Now that we’ve taken the person’s face shape into consideration, we also have to look at the neck and shoulders to determine how the hairline should be cut. If the person has a short neck, they may benefit from a haircut with added height. If the person has a long neck, width can be added to the haircut to fill in the space between the head and shoulders. As far as shoulders, if the person has really broad shoulder, they may benefit from a round or curved hairline. If they have narrow shoulders, a squared off hairline may be more appealing. Last but not least we have to look at the existing biological features the person has regarding how much hair they have on their head and what direction(s) does it grow in. For example, does the person have a receding hairline? Is there any balding? Does the person have any cowlicks that would stand up if cut too short or in the wrong direction? You may be wondering what to do after you’ve noted all of these features. I will answer those questions a little bit later on when we’re doing the haircut.
Believe it or not, you are up to the point where you will actually begin the process of cutting. There is a specific sequence of actions to take during a haircut.
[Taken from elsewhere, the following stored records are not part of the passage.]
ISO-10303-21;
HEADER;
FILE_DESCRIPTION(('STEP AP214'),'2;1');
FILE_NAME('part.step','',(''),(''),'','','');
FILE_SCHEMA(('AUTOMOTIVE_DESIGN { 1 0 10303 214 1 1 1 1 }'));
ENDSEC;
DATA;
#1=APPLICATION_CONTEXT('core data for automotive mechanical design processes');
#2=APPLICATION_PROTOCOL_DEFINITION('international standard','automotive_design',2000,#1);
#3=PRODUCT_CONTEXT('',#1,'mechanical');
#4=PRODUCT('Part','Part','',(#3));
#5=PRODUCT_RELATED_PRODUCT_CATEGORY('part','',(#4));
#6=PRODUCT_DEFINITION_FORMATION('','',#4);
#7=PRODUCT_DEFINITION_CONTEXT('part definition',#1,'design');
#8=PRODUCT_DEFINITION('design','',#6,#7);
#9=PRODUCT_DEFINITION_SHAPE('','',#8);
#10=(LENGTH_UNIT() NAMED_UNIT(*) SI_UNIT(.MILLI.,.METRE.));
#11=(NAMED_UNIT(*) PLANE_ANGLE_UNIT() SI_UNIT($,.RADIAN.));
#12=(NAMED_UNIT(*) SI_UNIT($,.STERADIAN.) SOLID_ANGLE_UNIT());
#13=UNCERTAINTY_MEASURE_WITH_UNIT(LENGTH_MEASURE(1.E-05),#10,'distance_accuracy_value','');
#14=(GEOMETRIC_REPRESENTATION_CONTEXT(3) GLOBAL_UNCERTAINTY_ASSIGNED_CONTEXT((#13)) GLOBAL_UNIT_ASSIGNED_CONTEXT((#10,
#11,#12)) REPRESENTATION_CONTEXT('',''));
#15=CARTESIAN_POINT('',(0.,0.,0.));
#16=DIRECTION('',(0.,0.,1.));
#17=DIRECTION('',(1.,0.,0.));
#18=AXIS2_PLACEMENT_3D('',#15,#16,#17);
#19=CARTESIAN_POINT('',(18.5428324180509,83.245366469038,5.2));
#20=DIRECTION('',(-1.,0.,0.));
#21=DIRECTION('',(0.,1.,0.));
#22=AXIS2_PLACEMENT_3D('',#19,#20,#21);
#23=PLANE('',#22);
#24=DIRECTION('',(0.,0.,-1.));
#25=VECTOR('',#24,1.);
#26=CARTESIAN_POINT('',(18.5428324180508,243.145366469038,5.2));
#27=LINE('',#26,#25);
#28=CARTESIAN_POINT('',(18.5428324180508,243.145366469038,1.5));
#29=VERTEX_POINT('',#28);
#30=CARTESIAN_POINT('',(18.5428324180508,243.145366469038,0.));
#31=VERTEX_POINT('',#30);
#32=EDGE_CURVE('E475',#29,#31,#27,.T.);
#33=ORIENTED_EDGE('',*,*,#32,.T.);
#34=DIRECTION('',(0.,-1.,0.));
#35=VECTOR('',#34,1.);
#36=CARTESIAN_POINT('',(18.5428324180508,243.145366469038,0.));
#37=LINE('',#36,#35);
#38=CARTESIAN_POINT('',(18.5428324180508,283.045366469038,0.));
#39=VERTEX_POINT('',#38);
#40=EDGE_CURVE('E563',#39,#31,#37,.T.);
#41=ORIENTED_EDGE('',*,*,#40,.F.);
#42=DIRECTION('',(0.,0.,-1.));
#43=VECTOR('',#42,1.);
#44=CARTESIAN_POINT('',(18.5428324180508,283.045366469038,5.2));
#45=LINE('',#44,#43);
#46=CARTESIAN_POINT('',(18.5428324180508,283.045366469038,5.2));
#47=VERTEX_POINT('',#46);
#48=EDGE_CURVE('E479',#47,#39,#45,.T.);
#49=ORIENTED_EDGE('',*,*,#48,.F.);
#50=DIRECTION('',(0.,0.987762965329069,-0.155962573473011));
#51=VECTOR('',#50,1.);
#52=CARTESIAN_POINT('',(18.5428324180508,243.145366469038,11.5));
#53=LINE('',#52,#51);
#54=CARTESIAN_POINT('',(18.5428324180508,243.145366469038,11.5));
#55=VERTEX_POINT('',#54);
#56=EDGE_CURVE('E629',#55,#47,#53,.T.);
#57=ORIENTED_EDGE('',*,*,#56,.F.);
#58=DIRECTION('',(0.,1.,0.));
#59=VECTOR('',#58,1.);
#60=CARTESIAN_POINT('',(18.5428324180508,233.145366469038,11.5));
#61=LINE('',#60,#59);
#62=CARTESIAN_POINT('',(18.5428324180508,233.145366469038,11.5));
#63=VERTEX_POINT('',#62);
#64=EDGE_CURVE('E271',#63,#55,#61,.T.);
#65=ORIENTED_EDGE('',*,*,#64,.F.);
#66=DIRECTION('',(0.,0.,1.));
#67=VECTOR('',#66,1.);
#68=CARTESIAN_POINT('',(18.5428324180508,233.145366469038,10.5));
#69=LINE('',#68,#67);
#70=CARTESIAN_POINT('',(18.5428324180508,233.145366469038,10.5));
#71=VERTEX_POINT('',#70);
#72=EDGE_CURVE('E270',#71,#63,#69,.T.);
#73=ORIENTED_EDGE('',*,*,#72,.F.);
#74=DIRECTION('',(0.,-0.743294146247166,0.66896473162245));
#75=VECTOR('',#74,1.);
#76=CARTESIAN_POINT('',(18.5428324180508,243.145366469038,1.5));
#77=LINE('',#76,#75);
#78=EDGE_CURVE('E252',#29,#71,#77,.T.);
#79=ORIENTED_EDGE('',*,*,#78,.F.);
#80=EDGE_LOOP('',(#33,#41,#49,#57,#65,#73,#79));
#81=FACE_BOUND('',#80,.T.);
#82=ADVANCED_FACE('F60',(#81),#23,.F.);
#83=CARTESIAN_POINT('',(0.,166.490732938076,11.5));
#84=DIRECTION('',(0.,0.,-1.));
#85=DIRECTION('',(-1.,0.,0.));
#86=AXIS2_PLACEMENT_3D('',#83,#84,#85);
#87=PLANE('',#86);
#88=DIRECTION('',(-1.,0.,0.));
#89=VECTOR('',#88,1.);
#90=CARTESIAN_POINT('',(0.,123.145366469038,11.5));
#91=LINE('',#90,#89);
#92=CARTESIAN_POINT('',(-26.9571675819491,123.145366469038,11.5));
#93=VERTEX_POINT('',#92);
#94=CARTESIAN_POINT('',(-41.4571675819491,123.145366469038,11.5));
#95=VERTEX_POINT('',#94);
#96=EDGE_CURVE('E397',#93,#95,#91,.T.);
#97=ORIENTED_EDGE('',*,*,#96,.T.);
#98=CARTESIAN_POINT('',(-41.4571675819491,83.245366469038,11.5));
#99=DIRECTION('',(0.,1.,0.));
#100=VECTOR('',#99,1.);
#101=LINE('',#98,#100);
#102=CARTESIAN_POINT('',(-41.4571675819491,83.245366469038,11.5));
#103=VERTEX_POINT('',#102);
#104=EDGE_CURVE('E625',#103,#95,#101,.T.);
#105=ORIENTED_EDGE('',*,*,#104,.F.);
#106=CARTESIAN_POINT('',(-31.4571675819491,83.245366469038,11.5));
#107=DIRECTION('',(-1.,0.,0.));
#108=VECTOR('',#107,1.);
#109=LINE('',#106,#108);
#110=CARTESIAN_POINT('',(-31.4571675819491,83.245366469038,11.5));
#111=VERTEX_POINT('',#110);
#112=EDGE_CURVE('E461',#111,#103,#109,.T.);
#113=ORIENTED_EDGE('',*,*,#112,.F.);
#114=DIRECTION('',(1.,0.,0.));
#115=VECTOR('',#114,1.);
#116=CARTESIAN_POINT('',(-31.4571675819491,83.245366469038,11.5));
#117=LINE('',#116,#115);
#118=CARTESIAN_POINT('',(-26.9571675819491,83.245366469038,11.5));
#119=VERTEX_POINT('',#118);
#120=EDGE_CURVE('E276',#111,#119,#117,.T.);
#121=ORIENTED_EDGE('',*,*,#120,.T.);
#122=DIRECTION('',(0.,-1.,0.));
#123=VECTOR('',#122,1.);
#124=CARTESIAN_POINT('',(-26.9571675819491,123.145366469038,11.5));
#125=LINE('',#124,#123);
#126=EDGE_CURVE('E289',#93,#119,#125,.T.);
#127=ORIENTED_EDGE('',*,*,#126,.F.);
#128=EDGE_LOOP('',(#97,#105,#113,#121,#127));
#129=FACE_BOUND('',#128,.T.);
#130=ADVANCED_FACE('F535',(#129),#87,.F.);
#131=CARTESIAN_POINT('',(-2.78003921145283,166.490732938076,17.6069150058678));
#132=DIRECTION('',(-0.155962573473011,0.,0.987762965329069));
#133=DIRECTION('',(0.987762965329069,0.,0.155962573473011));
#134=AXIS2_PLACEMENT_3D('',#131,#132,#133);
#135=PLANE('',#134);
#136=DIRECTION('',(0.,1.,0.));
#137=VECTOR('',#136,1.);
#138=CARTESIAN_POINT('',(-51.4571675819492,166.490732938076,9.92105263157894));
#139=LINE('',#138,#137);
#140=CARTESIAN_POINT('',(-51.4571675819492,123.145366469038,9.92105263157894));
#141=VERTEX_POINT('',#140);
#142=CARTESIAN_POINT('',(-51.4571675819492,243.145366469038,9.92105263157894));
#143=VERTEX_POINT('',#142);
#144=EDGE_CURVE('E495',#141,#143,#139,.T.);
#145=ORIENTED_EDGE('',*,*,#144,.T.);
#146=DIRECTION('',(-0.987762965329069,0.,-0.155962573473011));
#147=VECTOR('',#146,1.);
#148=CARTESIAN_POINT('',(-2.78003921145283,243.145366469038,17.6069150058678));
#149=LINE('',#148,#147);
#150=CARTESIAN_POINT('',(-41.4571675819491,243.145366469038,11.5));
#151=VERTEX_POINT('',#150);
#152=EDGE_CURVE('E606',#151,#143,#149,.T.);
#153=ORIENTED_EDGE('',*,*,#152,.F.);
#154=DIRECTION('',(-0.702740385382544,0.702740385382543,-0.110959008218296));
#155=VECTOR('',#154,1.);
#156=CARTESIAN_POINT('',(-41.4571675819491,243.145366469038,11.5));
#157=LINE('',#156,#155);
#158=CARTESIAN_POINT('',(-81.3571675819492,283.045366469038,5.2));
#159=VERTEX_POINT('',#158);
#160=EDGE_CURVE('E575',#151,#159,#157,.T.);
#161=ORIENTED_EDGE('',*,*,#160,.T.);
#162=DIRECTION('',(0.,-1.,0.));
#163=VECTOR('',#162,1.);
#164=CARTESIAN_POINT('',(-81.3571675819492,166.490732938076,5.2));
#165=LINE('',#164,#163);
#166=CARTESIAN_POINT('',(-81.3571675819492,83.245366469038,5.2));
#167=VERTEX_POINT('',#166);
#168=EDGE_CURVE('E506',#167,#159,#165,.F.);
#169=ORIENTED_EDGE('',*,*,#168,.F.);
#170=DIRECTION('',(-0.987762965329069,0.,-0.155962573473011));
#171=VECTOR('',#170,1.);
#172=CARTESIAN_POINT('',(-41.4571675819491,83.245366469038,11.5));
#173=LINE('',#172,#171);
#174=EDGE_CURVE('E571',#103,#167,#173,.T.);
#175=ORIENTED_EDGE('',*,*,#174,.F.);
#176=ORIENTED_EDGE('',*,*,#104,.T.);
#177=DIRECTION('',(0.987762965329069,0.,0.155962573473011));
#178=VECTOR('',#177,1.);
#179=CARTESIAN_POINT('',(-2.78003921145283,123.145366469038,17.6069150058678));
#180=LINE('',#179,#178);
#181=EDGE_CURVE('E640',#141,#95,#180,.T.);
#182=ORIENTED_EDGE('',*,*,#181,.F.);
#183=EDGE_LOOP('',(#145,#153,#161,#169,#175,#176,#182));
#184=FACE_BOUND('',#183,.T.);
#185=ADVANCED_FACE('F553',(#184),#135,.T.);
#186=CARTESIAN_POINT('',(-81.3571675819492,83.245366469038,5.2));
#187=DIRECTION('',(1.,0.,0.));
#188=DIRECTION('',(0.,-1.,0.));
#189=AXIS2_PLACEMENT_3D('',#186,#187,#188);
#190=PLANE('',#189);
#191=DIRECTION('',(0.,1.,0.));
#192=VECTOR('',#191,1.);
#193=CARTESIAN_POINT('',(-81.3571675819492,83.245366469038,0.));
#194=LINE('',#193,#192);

It begins with sectioning the hair. Sectioning is simply dividing the hair into more manageable sections on the head. A lot of haircuts involving longer hair involve dividing the hair into four sections. To do that you would make a center part starting at the front, center hairline and drawing a straight line back to the crown. You can now section out the sides by starting at the top center part and drawing a straight vertical line down to the ear. Everything from the ear forward can be clipped out of the way. Then move to the other side repeating the same process of drawing a straight vertical line from the top center part to the other ear. Once you clip this section out of the way you will have three sections. To make the fourth section, you need to continue the center part from the crown extending down the back of the head and ending at the center of the nape.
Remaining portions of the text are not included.